**Task description**. Where in the data does the word "slider" appear? Find those lines and copy them.

Saved entries
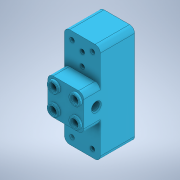
# Autodesk Inventor part: slider
Saved by Autodesk Inventor 2020 (Build 240168000, 168)
## iProperties
Created: 2026-07-07
Part Number: slider
Material: Steel
Document SubType Name: Modeling
Designer: drago
Density: 7.85 g/cm^3
Appearance: Turquoise
Author: drago
Autodesk Inventor part; units mm, degrees
ref_plane "YZ Plane" through (0, 0, 0) normal (1, 0, 0) x (0, 1, 0)
ref_plane "XZ Plane" through (0, 0, 0) normal (0, 1, 0) x (-1, 0, 0)
ref_plane "XY Plane" through (0, 0, 0) normal (0, 0, 1) x (1, 0, 0)
sketch "Sketch1" plane through (0, 0, 0) normal (0, 0, 1) x (1, 0, 0)
  circle A0 centre (4.25, 3.95) radius 1.4
  circle A1 centre (-4.25, 3.95) radius 1.4
  circle A2 centre (-4.25, -3.95) radius 1.4
  circle A3 centre (4.25, -3.95) radius 1.4
  line L0 (-5, 7) -> (5, 7)
  line L1 (7, 5) -> (7, -5)
  line L2 (5, -7) -> (-5, -7)
  line L3 (-7, -5) -> (-7, 5)
  arc A4 (-5, 7) -> (-7, 5) centre (-5, 5) ccw
  arc A5 (7, 5) -> (5, 7) centre (5, 5) ccw
  arc A6 (5, -7) -> (7, -5) centre (5, -5) ccw
  arc A7 (-7, -5) -> (-5, -7) centre (-5, -5) ccw
  circle A8 centre (-4.25, 3.95) radius 2.25
  circle A9 centre (4.25, 3.95) radius 2.25
  circle A10 centre (4.25, -3.95) radius 2.25
  circle A11 centre (-4.25, -3.95) radius 2.25
  point P0 (0, 0)
  constraints: 12 centre point, 8 end point, 8 point on circle, 8 tangent, 3 equal radius, 2 parallel, 1 horizontal, 1 perpendicular
extrude "Extrusion1" add sketch "Sketch1" along normal blind 1 contours A8 | A9 | A10 | A11
extrude "Extrusion2" add sketch "Sketch1" against normal blind 10 contours L0 A5 L1 A6 L2 A7 L3 A4 | A8 | A9 | A10 | A11
sketch "Sketch2" plane through (-7, -5, 0) normal (-1, 0, 0) x (0, 0, 1)
  circle A0 centre (-5, 5) radius 1.45
  point P0 (0, 5)
  constraints: 1 centre point
extrude "Extrusion3" cut sketch "Sketch2" against normal blind 20
chamfer "Chamfer1" distance 0.5 angle 45 2 edges at (-7, 0, -6.45) (7, 0, -6.45)
sketch "Sketch3" plane through (0, 0, -10) normal (0, 0, -1) x (-1, 0, 0)
  circle A0 centre (4.25, -3.95) radius 1.4 projected
  circle A1 centre (-4.25, -3.95) radius 1.4 projected
  circle A2 centre (-4.25, 3.95) radius 1.4 projected
  circle A3 centre (4.25, 3.95) radius 1.4 projected
  point P0 (0, 0)
extrude "Extrusion4" add sketch "Sketch3" against normal blind 6
chamfer "Chamfer2" distance 0.2 angle 45 8 edges at (2.85, -3.95, 1) (-5.65, -3.95, 1) (2.85, 3.95, 1) (-5.65, 3.95, 1) (2, -3.95, 1) (-6.5, -3.95, 1) (-6.5, 3.95, 1) (2, 3.95, 1)
sketch "Sketch4" plane through (-4.25, 3.95, 1) normal (0, 0, 1) x (1, 0, 0)
  circle A0 centre (0, 0) radius 3.95
  circle A1 centre (0, -7.9) radius 3.95
  circle A2 centre (8.5, -7.9) radius 3.95
  circle A3 centre (8.5, 0) radius 3.95
  point P0 (4.25, -3.95)
  point P1 (8.5, -3.95)
  point P2 (0, -3.95)
  constraints: 4 centre point, 2 coincident, 2 equal radius
extrude "Extrusion5" add sketch "Sketch4" along normal blind 4
sketch "Sketch5" plane through (-7, -5, 0) normal (-1, 0, 0) x (0, 0, 1)
  line L0 (-0.5, -2.9) -> (6.5, -2.9)
  line L1 (6.5, -2.9) -> (6.5, 12.9)
  line L2 (6.5, 12.9) -> (-0.5, 12.9)
  line L3 (-0.5, 14.9) -> (8.5, 14.9)
  line L4 (8.5, 14.9) -> (8.5, -4.9)
  line L5 (8.5, -4.9) -> (-0.5, -4.9)
  line L6 (-0.5, 12.9) -> (-0.5, 14.9)
  line L7 (-0.5, -4.9) -> (-0.5, -2.9)
  circle A0 centre (-5, 5) radius 1.45 projected
  circle A1 centre (-5, 5) radius 1.45
  constraints: 16 end point, 3 perpendicular, 2 parallel, 1 centre point, 1 coincident, 1 horizontal, 2 other
sketch "Sketch6" plane through (0, 0, -10) normal (0, 0, -1) x (-1, 0, 0)
  line L0 (7, -1.95) -> (7, 1.95) projected
  line L1 (7, 0) -> (-7, 0)
  line L2 (-7, 0) -> (-7, -17)
  line L3 (-7, -17) -> (7, -17)
  line L4 (7, -17) -> (7, 0)
  line L5 (-5, -7) -> (5, -7) projected
  arc A0 (-7, -5) -> (-5, -7) centre (-5, -5) ccw projected
  arc A1 (5, -7) -> (7, -5) centre (5, -5) ccw projected
  point P0 (0, 0)
  dimension "d37" = 17
  constraints: 8 end point, 2 parallel, 1 horizontal, 1 midpoint, 1 perpendicular
  measures "d37" distance of L2.end L1.end
extrude "Extrusion6" add sketch "Sketch6" against normal blind 8 contours L4 L3 L2 A0 L5 A1
sketch "Sketch7" plane through (0, 0, -2) normal (0, 0, 1) x (1, 0, 0)
  line L0 (-5, -7) -> (5, -7) projected
  line L1 (0, -7) -> (0, -11)
  line L2 (7, 5) -> (7, -17) projected
  line L3 (-7, -17) -> (-7, 5) projected
  line L4 (7, -11) -> (-7, -11)
  line L5 (-7, -11) -> (-7, -17)
  line L6 (-7, -17) -> (7, -17)
  line L7 (7, -17) -> (7, -11)
  point P0 (0, 0)
  constraints: 10 end point, 2 parallel, 1 horizontal, 1 midpoint, 1 perpendicular, 1 point on line, 1 vertical
extrude "Extrusion7" add sketch "Sketch7" along normal blind 12
sketch "Sketch8" plane through (0, 0, -10) normal (0, 0, -1) x (-1, 0, 0)
  arc A0 (-5, 7) -> (-7, 5) centre (-5, 5) ccw projected
  line L0 (7, 5) -> (7, 19.5)
  line L1 (7, 19.5) -> (-7, 19.5)
  line L2 (-7, 19.5) -> (-7, 5)
  arc A1 (7, 5) -> (5, 7) centre (5, 5) ccw projected
  line L3 (5, 7) -> (-5, 7) projected
  point P0 (0, 0)
  constraints: 6 end point, 1 parallel
extrude "Extrusion8" add sketch "Sketch8" against normal blind 3.5
sketch "Sketch9" plane through (0, 0, 10) normal (0, 0, 1) x (1, 0, 0)
  line L0 (7, -11) -> (-7, -11) projected
  line L1 (7, 19.5) -> (7, -17) projected
  line L2 (-7, -11) -> (7, -11)
  line L3 (7, -11) -> (7, -11.4)
  line L4 (7, -11.4) -> (-7, -11.4)
  line L5 (-7, -11.4) -> (-7, -11)
  point P0 (0, 0)
  dimension "d47" = 0.4
  constraints: 8 end point, 2 parallel, 1 horizontal, 1 perpendicular, 1 point on line
  measures "d47" distance of L2.end L3.end
extrude "Extrusion9" cut sketch "Sketch9" against normal up to surface (12 mm away)
sketch "Sketch10" plane through (0, 0, -6.5) normal (0, 0, 1) x (1, 0, 0)
  line L0 (-7, 19.5) -> (7, 19.5) projected
  line L1 (0, 19.5) -> (0, 9.5)
  circle A0 centre (0, 9.5) radius 0.9
  circle A1 centre (0, 14.5) radius 0.9
  point P0 (0, 0)
  dimension "d50" = 10
  dimension "d51" = 1.8
  dimension "d52" = 1.8
  constraints: 2 centre point, 2 end point, 2 midpoint, 1 coincident, 1 vertical
  measures "d50" distance of L1.start L1.end
  measures "d51" diameter of A0
  measures "d52" diameter of A1
extrude "Extrusion10" cut sketch "Sketch10" against normal blind 10
fillet "Fillet1" radius 2 2 edges at (-7, 19.5, -8.25) (7, 19.5, -8.25)
sketch "Sketch12" plane through (0, 0, -10) normal (0, 0, -1) x (-1, 0, 0)
  line L0 (7, -17) -> (-7, -17) projected
  line L1 (7, -17) -> (2, -17)
  line L2 (-7, -17) -> (-2, -17)
  circle A0 centre (4.5, -20) radius 1
  circle A1 centre (4.5, -20) radius 2.5
  circle A2 centre (-4.5, -20) radius 1
  circle A3 centre (-4.5, -20) radius 2.5
  line L3 (7, -17) -> (7, -20)
  line L4 (-7, -17) -> (-7, -20)
  line L5 (-4.5, -22.5) -> (4.5, -22.5)
  point P0 (0, 0)
  dimension "d57" = 5
  constraints: 10 end point, 4 centre point, 4 point on circle, 4 tangent, 2 coincident, 2 point on line
  measures "d57" distance of L0.end L2.end
extrude "Extrusion11" add sketch "Sketch12" against normal blind 3
sketch "Sketch13" plane through (0, 0, 10) normal (0, 0, 1) x (1, 0, 0)
  line L0 (7, -20) -> (7, -17) projected
  line L1 (-7, -17) -> (7, -17) projected
  line L2 (-7, -17) -> (-7, -20) projected
  arc A0 (-7, -20) -> (-4.5, -22.5) centre (-4.5, -20) ccw projected
  line L3 (-4.5, -22.5) -> (4.5, -22.5) projected
  arc A1 (4.5, -22.5) -> (7, -20) centre (4.5, -20) ccw projected
  circle A2 centre (-4.5, -20) radius 1 projected
  circle A3 centre (4.5, -20) radius 1 projected
  line L4 (7, -11.4) -> (-7, -11.4) projected
  line L5 (-7, -11.4) -> (-7, -17) projected
  line L6 (-7, -17) -> (7, -17) projected
  line L7 (7, -17) -> (7, -11.4) projected
  circle A4 centre (4.5, -14.2) radius 0.9
  circle A5 centre (-4.5, -14.2) radius 0.9
  point P0 (0, 0)
  constraints: 2 centre point
extrude "Extrusion12" cut sketch "Sketch13" against normal blind 3 contours L1 L5 L4 L7 | A4 | A5
extrude "Extrusion13" cut sketch "Sketch13" against normal blind 12 contours A4 | A5
fillet "Fillet2" radius 1 1 edges at (0, -11.4, -2)
sketch "Sketch14" plane through (0, 0, -10) normal (0, 0, -1) x (-1, 0, 0)
  circle A0 centre (-4.5, -20) radius 1 projected
  circle A1 centre (4.5, -20) radius 1 projected
  circle A2 centre (0, -27.2111) radius 6.5
  point P0 (0, 0)
  constraints: 1 centre point
extrude "Extrusion14" cut sketch "Sketch14" against normal blind 12 contours A2
fillet "Fillet3" radius 1 2 edges at (-4.4783, -22.5, -8.5) (4.4783, -22.5, -8.5)
sketch "Sketch16" plane through (0, 0, -10) normal (0, 0, -1) x (-1, 0, 0)
  line L0 (-7, -17) -> (7, -17) projected
  line L1 (-7, -17) -> (-1, -17)
  line L2 (-1, -17) -> (-1, -11)
  line L3 (-1, -11) -> (-7, -11)
  line L4 (-7, -11) -> (-7, -17)
  line L5 (-5, 19.5) -> (-0.9, 19.5)
  line L6 (-0.9, 19.5) -> (-0.9, 13)
  line L7 (-0.9, 13) -> (-7, 13)
  line L8 (-7, 13) -> (-7, 17.5)
  line L9 (-7, 17.5) -> (-7, -20) projected
  line L10 (-0.9, 13) -> (-7, 13)
  line L11 (-7, 13) -> (-7, 15)
  line L12 (-7, 15) -> (-0.9, 15)
  line L13 (-0.9, 15) -> (-0.9, 13)
  line L14 (-7, -11) -> (-1, -11)
  line L15 (-1, -11) -> (-1, -13)
  line L16 (-1, -13) -> (-7, -13)
  line L17 (-7, -13) -> (-7, -11)
  circle A0 centre (-3.95, 17.25) radius 0.9
  circle A1 centre (-4, -15) radius 0.9
  arc A2 (-5, 19.5) -> (-7, 17.5) centre (-5, 17.5) ccw projected
  point P0 (0, 0)
  dimension "d83" = 2
  constraints: 32 end point, 8 parallel, 4 horizontal, 4 perpendicular, 2 centre point, 2 point on circle, 2 point on line
  measures "d83" distance of L14.end L15.end
extrude "Extrusion15" cut sketch "Sketch16" against normal blind 6 contours A0 | A1
chamfer "Chamfer3" distance 0.4 angle 45 6 edges at (4.9, -15, -10) (4.85, 17.25, -10) (5.5, -20, -10) (-3.5, -20, -10) (5.5, -20, -7) (-3.5, -20, -7)
sketch "Sketch17" plane through (-4.25, 3.95, 5) normal (0, 0, 1) x (1, 0, 0)
  circle A0 centre (0, 0) radius 3.95 projected
  circle A1 centre (8.5, 0) radius 3.95 projected
  circle A2 centre (8.5, -7.9) radius 3.95 projected
  circle A3 centre (0, -7.9) radius 3.95 projected
  point P0 (4.25, -3.95)
  point P1 (0, -3.95)
  point P2 (8.5, -3.95)
  point P3 (8.5, -3.95)
  point P4 (0, -3.95)
  point P5 (8.5, -3.95)
  point P6 (0, -3.95)
  constraints: 4 other
extrude "Extrusion16" cut sketch "Sketch17" against normal blind 4
sketch "Sketch18" plane through (0, 0, 0) normal (0, 0, 1) x (1, 0, 0)
  line L0 (7, -10.4) -> (-7, -10.4) projected
  line L1 (7, -10.4) -> (7, -5) projected
  arc A0 (5, -7) -> (7, -5) centre (5, -5) ccw projected
  line L2 (-5, -7) -> (5, -7) projected
  arc A1 (-7, -5) -> (-5, -7) centre (-5, -5) ccw projected
  line L3 (-7, -5) -> (-7, -10.4) projected
  line L4 (-7, -10.4) -> (-7, -11.4) projected
  line L5 (-7, -11.4) -> (7, -11.4) projected
  line L6 (7, -11.4) -> (7, -10.4) projected
  line L7 (7, -10.4) -> (-7, -10.4) projected
  circle A2 centre (-4.5, -14.2) radius 0.9 projected
  circle A3 centre (4.5, -14.2) radius 0.9 projected
  line L8 (7, -17) -> (-7, -17) projected
  line L9 (7, -11.4) -> (7, -17) projected
  line L10 (-7, -11.4) -> (7, -11.4) projected
  line L11 (-7, -17) -> (-7, -11.4) projected
  circle A4 centre (4.5, -20) radius 1.4 projected
  arc A5 (4.1777, -22.2315) -> (5.0341, -22.4423) centre (4.8204, -21.4654) ccw projected
  arc A6 (5.0341, -22.4423) -> (7, -20) centre (4.5, -20) ccw projected
  line L12 (7, -20) -> (7, -17) projected
  line L13 (-7, -17) -> (7, -17) projected
  line L14 (-7, -17) -> (-7, -20) projected
  arc A7 (-7, -20) -> (-5.0341, -22.4423) centre (-4.5, -20) ccw projected
  arc A8 (-5.0341, -22.4423) -> (-4.1777, -22.2315) centre (-4.8204, -21.4654) ccw projected
  arc A9 (4.1777, -22.2315) -> (-4.1777, -22.2315) centre (0, -27.2111) ccw projected
  circle A10 centre (-4.5, -20) radius 1.4 projected
  line L15 (-7, -17) -> (-7, -11.4) projected
  line L16 (7, -11.4) -> (7, -17) projected
  point P0 (0, 0)
extrude "Extrusion17" cut sketch "Sketch18" along normal mid plane 30 contours L6 L5 L4 L0 | L0 L3 A1 L2 A0 L1 | L9 L8 L11 L5 | L12 A6 A5 A9 A8 A7 L14 L8 | A2 | A3 | A4 | A10
sketch "Sketch19" plane through (0, 0, -10) normal (0, 0, -1) x (-1, 0, 0)
  arc A0 (5, -7) -> (7, -5) centre (5, -5) ccw projected
  line L0 (7, -5) -> (-7, -5)
  line L1 (-7, -5) -> (-7, -17.5)
  line L2 (-5, -19.5) -> (5, -19.5)
  line L3 (7, -17.5) -> (7, -5)
  arc A1 (5, -19.5) -> (7, -17.5) centre (5, -17.5) ccw
  arc A2 (-7, -17.5) -> (-5, -19.5) centre (-5, -17.5) ccw
  point P0 (0, 0)
  dimension "d98" = 2
  constraints: 8 end point, 4 point on circle, 4 tangent, 2 centre point, 2 parallel, 1 equal radius, 1 horizontal, 1 perpendicular
  measures "d98" radius of A1
extrude "Extrusion18" add sketch "Sketch19" against normal up to surface (3.5 mm away)
sketch "Sketch20" plane through (0, 0, -10) normal (0, 0, -1) x (-1, 0, 0)
  circle A0 centre (-3.95, 17.25) radius 1.3 projected
  circle A1 centre (-3.95, 17.25) radius 1.3
  point P0 (0, 0)
  constraints: 1 centre point, 1 coincident
extrude "Extrusion19" add sketch "Sketch20" against normal blind 3.5
sketch "Sketch21" plane through (0, 0, -10) normal (0, 0, -1) x (-1, 0, 0)
  arc A0 (-5, 19.5) -> (-7, 17.5) centre (-5, 17.5) ccw projected
  arc A1 (5, -19.5) -> (7, -17.5) centre (5, -17.5) ccw projected
  circle A2 centre (-4, -16.5) radius 0.9
  circle A3 centre (4, -16.5) radius 0.9
  circle A4 centre (4, 16.5) radius 0.9
  circle A5 centre (-4, 16.5) radius 0.9
  constraints: 4 centre point
extrude "Extrusion20" cut sketch "Sketch21" against normal blind 3.5
sketch "Sketch22" plane through (-7, -5, 0) normal (-1, 0, 0) x (0, 0, 1)
  circle A0 centre (-5, 5) radius 1.45 projected
  circle A1 centre (-5, 5) radius 1.525
  point P0 (0, 5)
  dimension "d110" = 3.05
  constraints: 1 centre point, 1 coincident
  measures "d110" diameter of A1
extrude "Extrusion21" cut sketch "Sketch22" against normal blind 20
sketch "Sketch23" plane through (0, 0, -10) normal (0, 0, -1) x (-1, 0, 0)
  circle A0 centre (-4, -16.5) radius 0.9 projected
  circle A1 centre (4, 16.5) radius 0.9 projected
  circle A2 centre (4, -16.5) radius 0.9 projected
  circle A3 centre (-4, 16.5) radius 0.9 projected
  line L0 (7, -17.5) -> (7, 17.5) projected
  arc A4 (7, 17.5) -> (5, 19.5) centre (5, 17.5) ccw projected
  line L1 (5, 19.5) -> (-5, 19.5) projected
  arc A5 (-5, 19.5) -> (-7, 17.5) centre (-5, 17.5) ccw projected
  line L2 (-7, 17.5) -> (-7, -17.5) projected
  arc A6 (-7, -17.5) -> (-5, -19.5) centre (-5, -17.5) ccw projected
  line L3 (-5, -19.5) -> (5, -19.5) projected
  arc A7 (5, -19.5) -> (7, -17.5) centre (5, -17.5) ccw projected
  circle A8 centre (0, 14.5) radius 0.9 projected
  circle A9 centre (0, 9.5) radius 0.9 projected
  point P0 (0, 0)
extrude "Extrusion22" add sketch "Sketch23" along normal blind 10
body "Solid1"

**Exercise output**.
# Autodesk Inventor part: slider
Part Number: slider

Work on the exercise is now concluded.